Movant failed to allege how counsel's failure to argue that a weapon was not part of the factual basis to induce his guilty plea constituted deficient performance. The record and plea documents plainly show that neither the parties nor the Court mentioned or considered a dangerous weapon or firearm as part of the basis for the guilty plea. The argument would have been frivolous, so counsel was not deficient for failing to raise it at the Rule 11 hearing. See United States v. Kimler, 167 F.3d 889, 893 (5th Cir. 1999) (“An attorney's failure to raise a meritless argument thus cannot form the basis of a successful ineffective assistance of counsel claim because the result of the proceeding would not have been different had the attorney raised the issue.”); Sones v. Hargett, 61 F.3d 410, 415 n.5 (5th Cir. 1995) (“Counsel cannot be deficient for failing to press a frivolous point.”). Nor has Movant alleged how the failure to raise the argument prejudiced him. He is not entitled to relief on this conclusory claim, and it should be denied. See Miller v. Johnson, 200 F.3d 274, 282 (5th Cir. 2000) (holding that “conclusory allegations of ineffective assistance of counsel do not raise a constitutional issue in a federal habeas proceeding.”).

B. Failure to File Timely Objections to PSR

In his first ground, Movant also argues that counsel rendered ineffective assistance because he “[f]ailed to file any timely objections to the [PSR].” (See No. 3:18-CV-1756-D, doc. 1 at 4.)

Under Federal Rule of Criminal Procedure 32(f), “[w]ithin 14 days after receiving the [PSR], the parties must state in writing any objections, including objections to material information, sentencing guideline ranges, and policy statements contained in or omitted from the [PSR].” Fed.
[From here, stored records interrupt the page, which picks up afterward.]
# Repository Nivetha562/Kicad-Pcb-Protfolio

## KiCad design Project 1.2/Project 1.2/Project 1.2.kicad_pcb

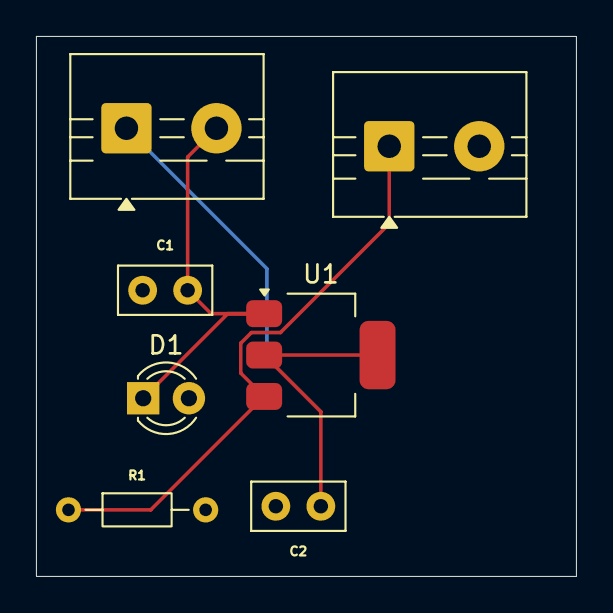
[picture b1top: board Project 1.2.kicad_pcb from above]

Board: 2 copper layers, 30.0 x 30.0 mm, 7 parts (0 on the bottom side), 4 nets.

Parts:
C1, C2: 10; C_Disc_D5.0mm_W2.5mm_P2.50mm
D1: LED; LED_D3.0mm_IRBlack
J1: 5v input; TerminalBlock_MaiXu_MX126-5.0-02P_1x02_P5.00mm
J2: 3.3 v output; TerminalBlock_MaiXu_MX126-5.0-02P_1x02_P5.00mm
R1: R_US; R_Axial_DIN0204_L3.6mm_D1.6mm_P7.62mm_Horizontal
U1: AMS1117-3.3; SOT-223-3_TabPin2

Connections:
/a: C1.1, J2.1, R1.1, U1.3 (VI)
/b: C2.1, J1.1, U1.2 (VO)
GND1: C1.2, C2.2, D1.1 (K), J1.2, J2.2, U1.1 (GND)
unnamed: D1.2 (A), R1.2
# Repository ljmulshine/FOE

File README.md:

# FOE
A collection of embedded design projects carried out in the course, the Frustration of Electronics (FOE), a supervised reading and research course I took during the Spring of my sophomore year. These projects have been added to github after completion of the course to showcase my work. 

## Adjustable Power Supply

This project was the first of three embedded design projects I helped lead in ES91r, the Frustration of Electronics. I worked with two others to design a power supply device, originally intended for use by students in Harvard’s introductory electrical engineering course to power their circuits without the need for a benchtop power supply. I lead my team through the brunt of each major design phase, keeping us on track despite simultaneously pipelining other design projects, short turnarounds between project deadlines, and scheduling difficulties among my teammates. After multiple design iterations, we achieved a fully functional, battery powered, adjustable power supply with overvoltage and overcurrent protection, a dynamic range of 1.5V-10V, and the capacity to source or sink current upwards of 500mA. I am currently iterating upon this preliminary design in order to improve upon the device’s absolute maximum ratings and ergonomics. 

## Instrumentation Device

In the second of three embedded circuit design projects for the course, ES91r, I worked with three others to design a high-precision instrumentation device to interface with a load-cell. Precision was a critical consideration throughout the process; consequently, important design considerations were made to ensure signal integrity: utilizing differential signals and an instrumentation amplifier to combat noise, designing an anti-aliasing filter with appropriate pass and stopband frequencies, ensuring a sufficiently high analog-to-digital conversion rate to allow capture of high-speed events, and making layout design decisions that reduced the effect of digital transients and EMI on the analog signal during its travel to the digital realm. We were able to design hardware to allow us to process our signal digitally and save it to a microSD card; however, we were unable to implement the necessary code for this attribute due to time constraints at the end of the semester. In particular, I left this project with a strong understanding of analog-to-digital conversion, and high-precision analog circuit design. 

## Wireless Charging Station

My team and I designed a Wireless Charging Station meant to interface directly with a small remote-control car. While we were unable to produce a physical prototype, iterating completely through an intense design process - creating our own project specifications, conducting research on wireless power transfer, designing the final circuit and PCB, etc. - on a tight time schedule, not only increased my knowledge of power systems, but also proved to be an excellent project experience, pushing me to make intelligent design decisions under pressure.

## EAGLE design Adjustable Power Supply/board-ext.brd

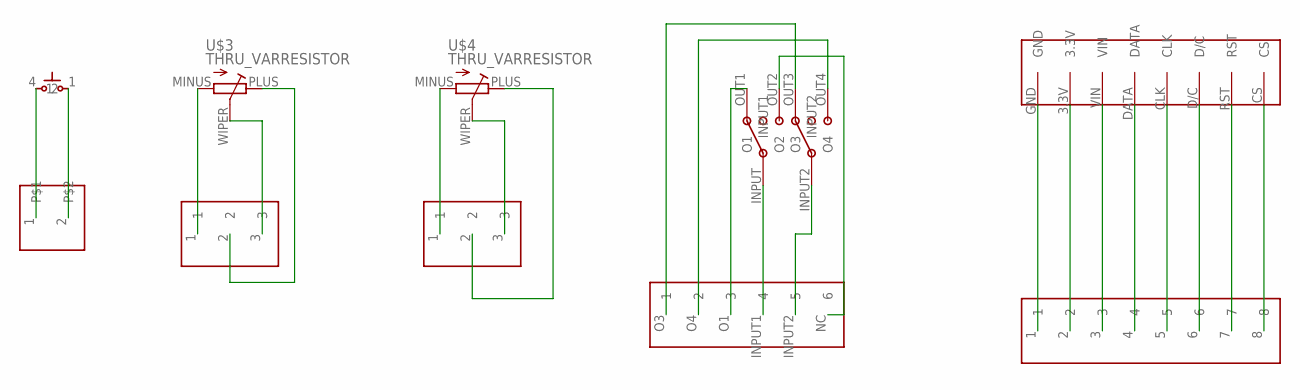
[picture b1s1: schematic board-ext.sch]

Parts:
U$1: 1X02
U$2: BUTTON_THRU; PUSHBTN
U$3, U$4: THRU_VARRESISTOR; POT
U$5, U$6: 1X03
U$7: SWITCH_THRU; DPDT
U$8: 1X06; SWITCHHEAD
U$9: OLED_THRU
U$10: 1X08

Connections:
unnamed: U$1.1, U$2.4 (2)
unnamed: U$1.2, U$2.1
unnamed: U$4.PLUS, U$6.2
unnamed: U$4.MINUS, U$6.1
unnamed: U$4.WIPER, U$6.3
unnamed: U$3.WIPER, U$5.3
unnamed: U$3.PLUS, U$5.2
unnamed: U$3.MINUS, U$5.1
unnamed: U$7.INPUT (INPUT1), U$8.INPUT1 (4)
unnamed: U$7.INPUT2, U$8.INPUT2 (5)
unnamed: U$7.OUT2 (O2), U$8.NC (6)
unnamed: U$7.OUT1 (O1), U$8.O1 (3)
unnamed: U$7.OUT3 (O3), U$8.O3 (1)
unnamed: U$7.OUT4 (O4), U$8.O4 (2)
unnamed: U$9.GND, U$10.1
unnamed: U$9.3.3V, U$10.2
unnamed: U$9.VIN, U$10.3
unnamed: U$9.DATA, U$10.4
unnamed: U$9.CLK, U$10.5
unnamed: U$9.D/C, U$10.6
unnamed: U$9.RST, U$10.7
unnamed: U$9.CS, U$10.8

R. Crim. P. 32(f)(1). Here, the USPO issued the PSR on May 19, 2017. (See doc. 699-1.) Movant's counsel filed written objections to the PSR 14 days later, on June 2, 2017. (See doc. 714.) Because counsel timely filed objections to the PSR under Rule 32(f), Movant's claim is without merit and should be denied.

C. Failure to Object to PSR Enhancements

In both his first and second grounds, respectively, Movant argues that his counsel was ineffective because he failed to “object to the two-level addition to his offense level for the possession of a weapon [ ] under U.S.S.G. § 2D1.1[ ](b)(1), ” and to “object to the two-level enhancement for weapon under USSG § 2D1.1(b)(1).” (No. 3:18-CV-1756-D-BH, doc. 1 at 4-5.)

Here, counsel expressly objected “to the 2-level possession of a dangerous weapon enhancement contained in USSG § 2D1.1(b)(1)”, and argued that the PSR did not: (1) establish a temporal and spatial nexus between Movant, the weapon, and the charged offense; and (2) base the enhancement on any co-conspirator's reasonably foreseeable possession of a weapon. (See doc. 714 at 1-4.) The USPO submitted an addendum to the PSR addressing counsel's objection to the two-level enhancement. (See doc. 715-1.) Because the record establishes that counsel objected to the two-level increase to Movant's base offense level for possession of a dangerous weapon under U.S.S.G. § 2D1.1(b)(1), Movant is not entitled to § 2255 relief on this claim.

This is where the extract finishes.